The American people fall into four categories in their thinking about the war in Iraq.
There are those who opposed the decision to go to war in 2003 for moral and prudential reasons and who remain opposed to American military operations in Iraq today.
There are those who felt it was the right decision in 2003, based on the information we had, and remains the right decision today.
There are those who believe it was the wrong decision in 2003, but as a result of the damage a defeat in Iraq would inflict on American interests, are committed to seeing a faulty venture through to some sort of success.
Then there is a final group that supported the decision to go to war in 2003, but now say the decision was wrong.
The motivations of people in the first three groups are transparent enough, reflecting to varying degrees American foreign policy traditions of pacifism, isolationism, realism, humanitarianism, idealism and pragmatism.
About the fourth group, motivations are more opaque. Some people have reassessed their positions based on the failure to find weapons of mass destruction, the high cost in blood and money or the emergence of a sectarian struggle for which the American military is not intended and should not police. Some say their support was based on faulty information.
Plenty of principled reasons exist to explain a change in opposition to the war. But it's next to impossible to observe the waffling of the American political class with respect to Iraq and not conclude that some are motivated not by principle or national interest but instead by polls and political preservation.
Among the many wafflers are members of Congress from both parties and one former vice president who were privy to classified intelligence reports and briefings.
They championed and voted for the Iraq Liberation Act, signed into law by President Clinton, which declared it "the policy of the United States to seek to remove the Saddam Hussein regime from power in Iraq and to replace it with a democratic government."
They thundered in no uncertain terms about the dire threat Baathist Iraq posed to American allies and interests.
And they voted to authorize President Bush to use military force against Saddam because, as Sen. John Kerry, who served on the Senate Select Intelligence Committee from 1993 to 2001, explained, "I believe that a deadly arsenal of weapons of mass destruction in his hands is a threat, and a grave threat, to our security and that of our allies in the Persian Gulf region."
The waffler in chief is, without a doubt, Sen. Hillary Rodham Clinton. "If I had been president in October of 2002," Clinton told partisans at this month's Democratic National Committee Winter Meetings, "I would not have started this war."

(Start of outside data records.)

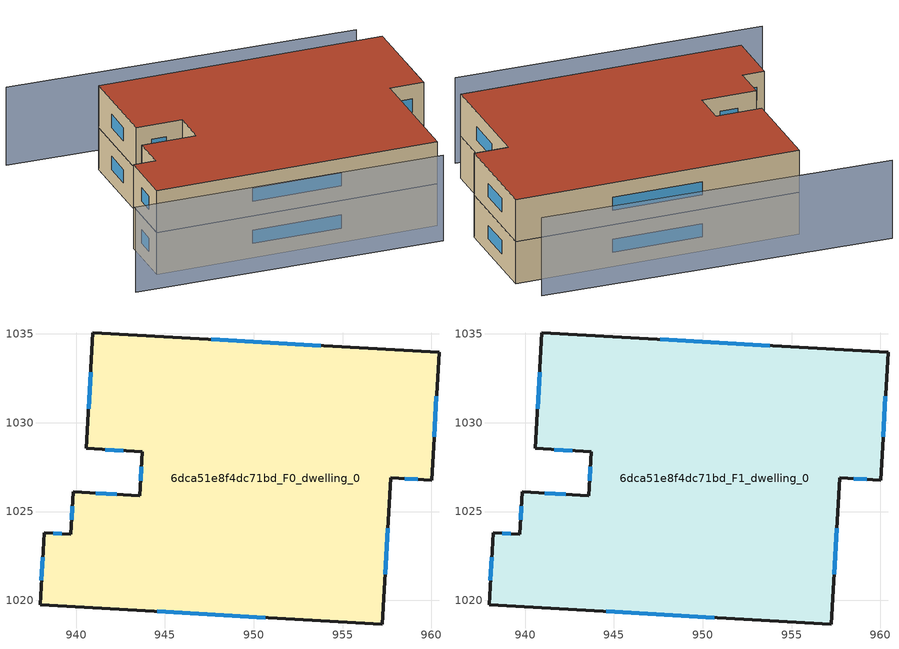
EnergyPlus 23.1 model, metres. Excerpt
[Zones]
6dca51e8f4dc71bd_F0_dwelling_0
 floor ground (EU_floor_Construction): 960.43,1033.95 960.02,1026.76 957.7,1026.89 957.23,1018.65 937.97,1019.76 938.21,1023.8 939.7,1023.71 939.84,1026.11 943.59,1025.9 943.73,1028.37 940.58,1028.55 940.96,1035.07 z0
 wall outside (EU_wall_Construction): 940.96,1035.07 940.58,1028.55 943.73,1028.37 943.59,1025.9 939.84,1026.11 939.7,1023.71 938.21,1023.8 937.97,1019.76 957.23,1018.65 957.7,1026.89 960.02,1026.76 960.43,1033.95 940.96,1035.07 z0:3
 window (EU_Window_Construction): 940.83,1032.84 940.71,1030.78 / 953.76,1034.33 947.62,1034.68 / 960.16,1029.22 960.29,1031.49 / 958.5,1026.85 959.22,1026.8 / 957.39,1021.47 957.54,1024.07 / 944.57,1019.38 950.64,1019.03 / 938.13,1022.42 938.05,1021.14 / 939.19,1023.74 938.72,1023.77 / 939.79,1025.29 939.75,1024.54 / 942.3,1025.97 941.12,1026.04 / 943.68,1027.52 943.63,1026.74 / 941.66,1028.49 942.65,1028.43 z1.03:1.97
6dca51e8f4dc71bd_F1_dwelling_0
 floor to 6dca51e8f4dc71bd_F0_dwelling_0 (EU_floor_Construction): 960.43,1033.95 960.02,1026.76 957.7,1026.89 957.23,1018.65 937.97,1019.76 938.21,1023.8 939.7,1023.71 939.84,1026.11 943.59,1025.9 943.73,1028.37 940.58,1028.55 940.95,1035.07 z3
 wall outside (EU_wall_Construction): 940.96,1035.07 940.58,1028.55 943.73,1028.37 943.59,1025.9 939.84,1026.11 939.7,1023.71 938.21,1023.8 937.97,1019.76 957.23,1018.65 957.7,1026.89 960.02,1026.76 960.43,1033.95 940.96,1035.07 z3:6
 window (EU_Window_Construction): 940.83,1032.84 940.71,1030.78 / 953.76,1034.33 947.62,1034.68 / 960.16,1029.22 960.29,1031.49 / 958.5,1026.85 959.22,1026.8 / 957.39,1021.47 957.54,1024.07 / 944.57,1019.38 950.64,1019.03 / 938.13,1022.42 938.05,1021.14 / 939.19,1023.74 938.72,1023.77 / 939.79,1025.29 939.75,1024.54 / 942.3,1025.97 941.12,1026.04 / 943.68,1027.52 943.63,1026.74 / 941.66,1028.49 942.65,1028.43 z4.03:4.97
 roof outside (EU_roof_Construction): 957.23,1018.65 957.7,1026.89 960.02,1026.76 960.43,1033.95 940.96,1035.07 940.58,1028.55 943.73,1028.37 943.59,1025.9 939.84,1026.11 939.7,1023.71 938.21,1023.8 937.97,1019.76 z6
shading: 935.67,1018 956.65,1016.54 z0:6.1; 959.65,1036.24 935.82,1038.11 z0:5.6
[Building]
EU S2 Campaign: North Axis=0; Terrain=City; Solar Distribution=FullExterior
[Site:Location]
Cape.Town.Intl.AP: Latitude=-33.965; Longitude=18.602; Time Zone=2; Elevation=46
[SizingPeriod:WeatherFileDays]
AnnualSizingPeriod: Begin Month=1; Begin Day of Month=1; End Month=12; End Day of Month=31; Day of Week for Start Day=Monday; Use Weather File Daylight Saving Period=No; Use Weather File Rain and Snow Indicators=No
[MATERIAL]
EU_InternalMass_Material: Roughness=MediumRough; Thickness=0.1; Conductivity=1; Density=1800; Specific Heat=900; Thermal Absorptance=0.9; Solar Absorptance=0.7; Visible Absorptance=0.7
[MATERIAL:NOMASS] Roughness=MediumRough; Thermal Absorptance=0.9; Solar Absorptance=0.7; Visible Absorptance=0.7
Name | Thermal Resistance
EU_wall_NoMass | 0.493876
EU_roof_NoMass | 0.449382
EU_floor_NoMass | 1.25
[WINDOWMATERIAL:SIMPLEGLAZINGSYSTEM]
EU_Window_SimpleGlazing: UFactor=4.4; Solar Heat Gain Coefficient=0.85; Visible Transmittance=0.85
[CONSTRUCTION]
EU_wall_Construction: EU_wall_NoMass
EU_roof_Construction: EU_roof_NoMass
EU_floor_Construction: EU_floor_NoMass
EU_Window_Construction: EU_Window_SimpleGlazing
EU_InternalMass_Construction: EU_InternalMass_Material
[ZONE] Type=1; Multiplier=1; Ceiling Height=autocalculate; Volume=853.398; Floor Area=autocalculate; Part of Total Floor Area=Yes
6dca51e8f4dc71bd_F0_dwelling_0; 6dca51e8f4dc71bd_F1_dwelling_0
[INTERNALMASS] Construction=EU_InternalMass_Construction; Surface Area=284.466
Name | Zone or ZoneList
6dca51e8f4dc71bd_F0_dwelling_0_EU_InternalMass | 6dca51e8f4dc71bd_F0_dwelling_0
6dca51e8f4dc71bd_F1_dwelling_0_EU_InternalMass | 6dca51e8f4dc71bd_F1_dwelling_0
[OTHEREQUIPMENT] Fuel Type=Electricity; Design Level Calculation Method=Watts/Area; Power per Zone Floor Area=1; Fraction Latent=0; Fraction Radiant=0; Fraction Lost=0; Carbon Dioxide Generation Rate=0; EndUse Subcategory=EU_Step8_InternalGains
Name | Zone or ZoneList or Space or SpaceList | Schedule
EU_Step8_InternalGain_6dca51e8f4dc71bd_F0_dwelling_0_f000 | 6dca51e8f4dc71bd_F0_dwelling_0 | EU_Step8_GainSchedule_6dca51e8f4dc71bd_F0_dwelling_0_f000
EU_Step8_InternalGain_6dca51e8f4dc71bd_F1_dwelling_0_f000 | 6dca51e8f4dc71bd_F1_dwelling_0 | EU_Step8_GainSchedule_6dca51e8f4dc71bd_F1_dwelling_0_f000
[ZONEVENTILATION:DESIGNFLOWRATE] Schedule=EU_AlwaysOn; Design Flow Rate Calculation Method=AirChanges/Hour; Air Changes per Hour=0.64; Ventilation Type=Natural; Fan Pressure Rise=0; Fan Total Efficiency=1; Constant Term Coefficient=1; Temperature Term Coefficient=0; Velocity Term Coefficient=0; Velocity Squared Term Coefficient=0; Minimum Indoor Temperature=-100; Maximum Indoor Temperature=100; Delta Temperature=-100; Minimum Outdoor Temperature=-100; Maximum Outdoor Temperature=100; Maximum Wind Speed=40
Name | Zone or ZoneList or Space or SpaceList
EU_ConstantAir_6dca51e8f4dc71bd_F0_dwelling_0 | 6dca51e8f4dc71bd_F0_dwelling_0
EU_ConstantAir_6dca51e8f4dc71bd_F1_dwelling_0 | 6dca51e8f4dc71bd_F1_dwelling_0
[HVACTEMPLATE:THERMOSTAT] Constant Heating Setpoint=20; Constant Cooling Setpoint=50
EU_HeatOnly_6dca51e8f4dc71bd_F0_dwelling_0; EU_HeatOnly_6dca51e8f4dc71bd_F1_dwelling_0
[HVACTEMPLATE:ZONE:IDEALLOADSAIRSYSTEM] System Availability Schedule=EU_AlwaysOn; Maximum Heating Supply Air Temperature=50; Minimum Cooling Supply Air Temperature=13; Maximum Heating Supply Air Humidity Ratio=0.0156; Minimum Cooling Supply Air Humidity Ratio=0.0077; Heating Limit=NoLimit; Cooling Limit=NoLimit; Heating Availability Schedule=EU_AlwaysOn; Cooling Availability Schedule=EU_CoolingOff; Dehumidification Control Type=ConstantSensibleHeatRatio; Cooling Sensible Heat Ratio=0.7; Dehumidification Setpoint=60; Humidification Control Type=None; Humidification Setpoint=30; Outdoor Air Method=None; Outdoor Air Flow Rate per Person=0.00944; Outdoor Air Flow Rate per Zone Floor Area=0; Outdoor Air Flow Rate per Zone=0; Demand Controlled Ventilation Type=None; Outdoor Air Economizer Type=NoEconomizer; Heat Recovery Type=None; Sensible Heat Recovery Effectiveness=0.7; Latent Heat Recovery Effectiveness=0.65
Name | Template Thermostat
6dca51e8f4dc71bd_F0_dwelling_0 | EU_HeatOnly_6dca51e8f4dc71bd_F0_dwelling_0
6dca51e8f4dc71bd_F1_dwelling_0 | EU_HeatOnly_6dca51e8f4dc71bd_F1_dwelling_0
[SIZING:ZONE] Zone Cooling Design Supply Air Temperature Input Method=SupplyAirTemperature; Zone Cooling Design Supply Air Temperature=13; Zone Heating Design Supply Air Temperature Input Method=SupplyAirTemperature; Zone Heating Design Supply Air Temperature=50; Zone Cooling Design Supply Air Humidity Ratio=0.008; Zone Heating Design Supply Air Humidity Ratio=0.008; Cooling Design Air Flow Method=DesignDay; Cooling Design Air Flow Rate=0; Cooling Minimum Air Flow per Zone Floor Area=0.000762; Cooling Minimum Air Flow=0; Cooling Minimum Air Flow Fraction=0.2; Heating Design Air Flow Method=DesignDay; Heating Design Air Flow Rate=0; Heating Maximum Air Flow per Zone Floor Area=0.002032; Heating Maximum Air Flow=0.141576; Heating Maximum Air Flow Fraction=0.3; Account for Dedicated Outdoor Air System=No; Dedicated Outdoor Air System Control Strategy=NeutralSupplyAir; Dedicated Outdoor Air Low Setpoint Temperature for Design=autosize; Dedicated Outdoor Air High Setpoint Temperature for Design=autosize; Zone Load Sizing Method=Sensible Load Only No Latent Load; Zone Latent Cooling Design Supply Air Humidity Ratio Input Method=HumidityRatioDifference; Zone Cooling Design Supply Air Humidity Ratio Difference=0.005; Zone Latent Heating Design Supply Air Humidity Ratio Input Method=HumidityRatioDifference; Zone Humidification Design Supply Air Humidity Ratio Difference=0.005
6dca51e8f4dc71bd_F0_dwelling_0; 6dca51e8f4dc71bd_F1_dwelling_0
[SCHEDULE:CONSTANT]
Name | Hourly Value
EU_AlwaysOn | 1
EU_CoolingOff | 0
[SCHEDULE:FILE] Column Number=1; Rows to Skip at Top=0; Number of Hours of Data=8760; Column Separator=Comma; Interpolate to Timestep=No; Minutes per Item=60; Adjust Schedule for Daylight Savings=Yes
Name | File
EU_Step8_GainSchedule_6dca51e8f4dc71bd_F0_dwelling_0_f000 | ../../schedules/6dca51e8f4dc71bd/6dca51e8f4dc71bd_F0_dwelling_0_f000_gain.csv
EU_Step8_GainSchedule_6dca51e8f4dc71bd_F1_dwelling_0_f000 | ../../schedules/6dca51e8f4dc71bd/6dca51e8f4dc71bd_F1_dwelling_0_f000_gain.csv

Of course, as a senator in October 2002, she along with 28 other Democrats in the Senate and 81 in the House voted to empower the current president to do exactly what she said she wouldn't have done.
House Speaker Nancy Pelosi voted against the Iraq war authorization in 2002. So her support of a nonbinding resolution that critiques Bush administration strategy in Iraq is, while meaningless, at least consistent, unlike Senate Majority Leader Harry Reid, who voted for authorization.
Sen. Russ Feingold, D-Wis., is both consistent and principled. He voted against the war authorization five years ago and he advocates Congress exercising its constitutional authority to cut off funding for the Iraq war today.
But the wafflers in charge aren't interested in sticking their partisan necks out on principle. Which is why presidential candidate Clinton said it's Bush's responsibility to "extricate our country from this before he leaves office."
Perhaps Clinton and others like her have honorable reasons, related to the national interest, for their anti-war conversions. But given the dissembling of erstwhile war supporters who have joined the ranks of the anti-Iraq-war faithful, it's difficult to believe anything other than their own political interests come first.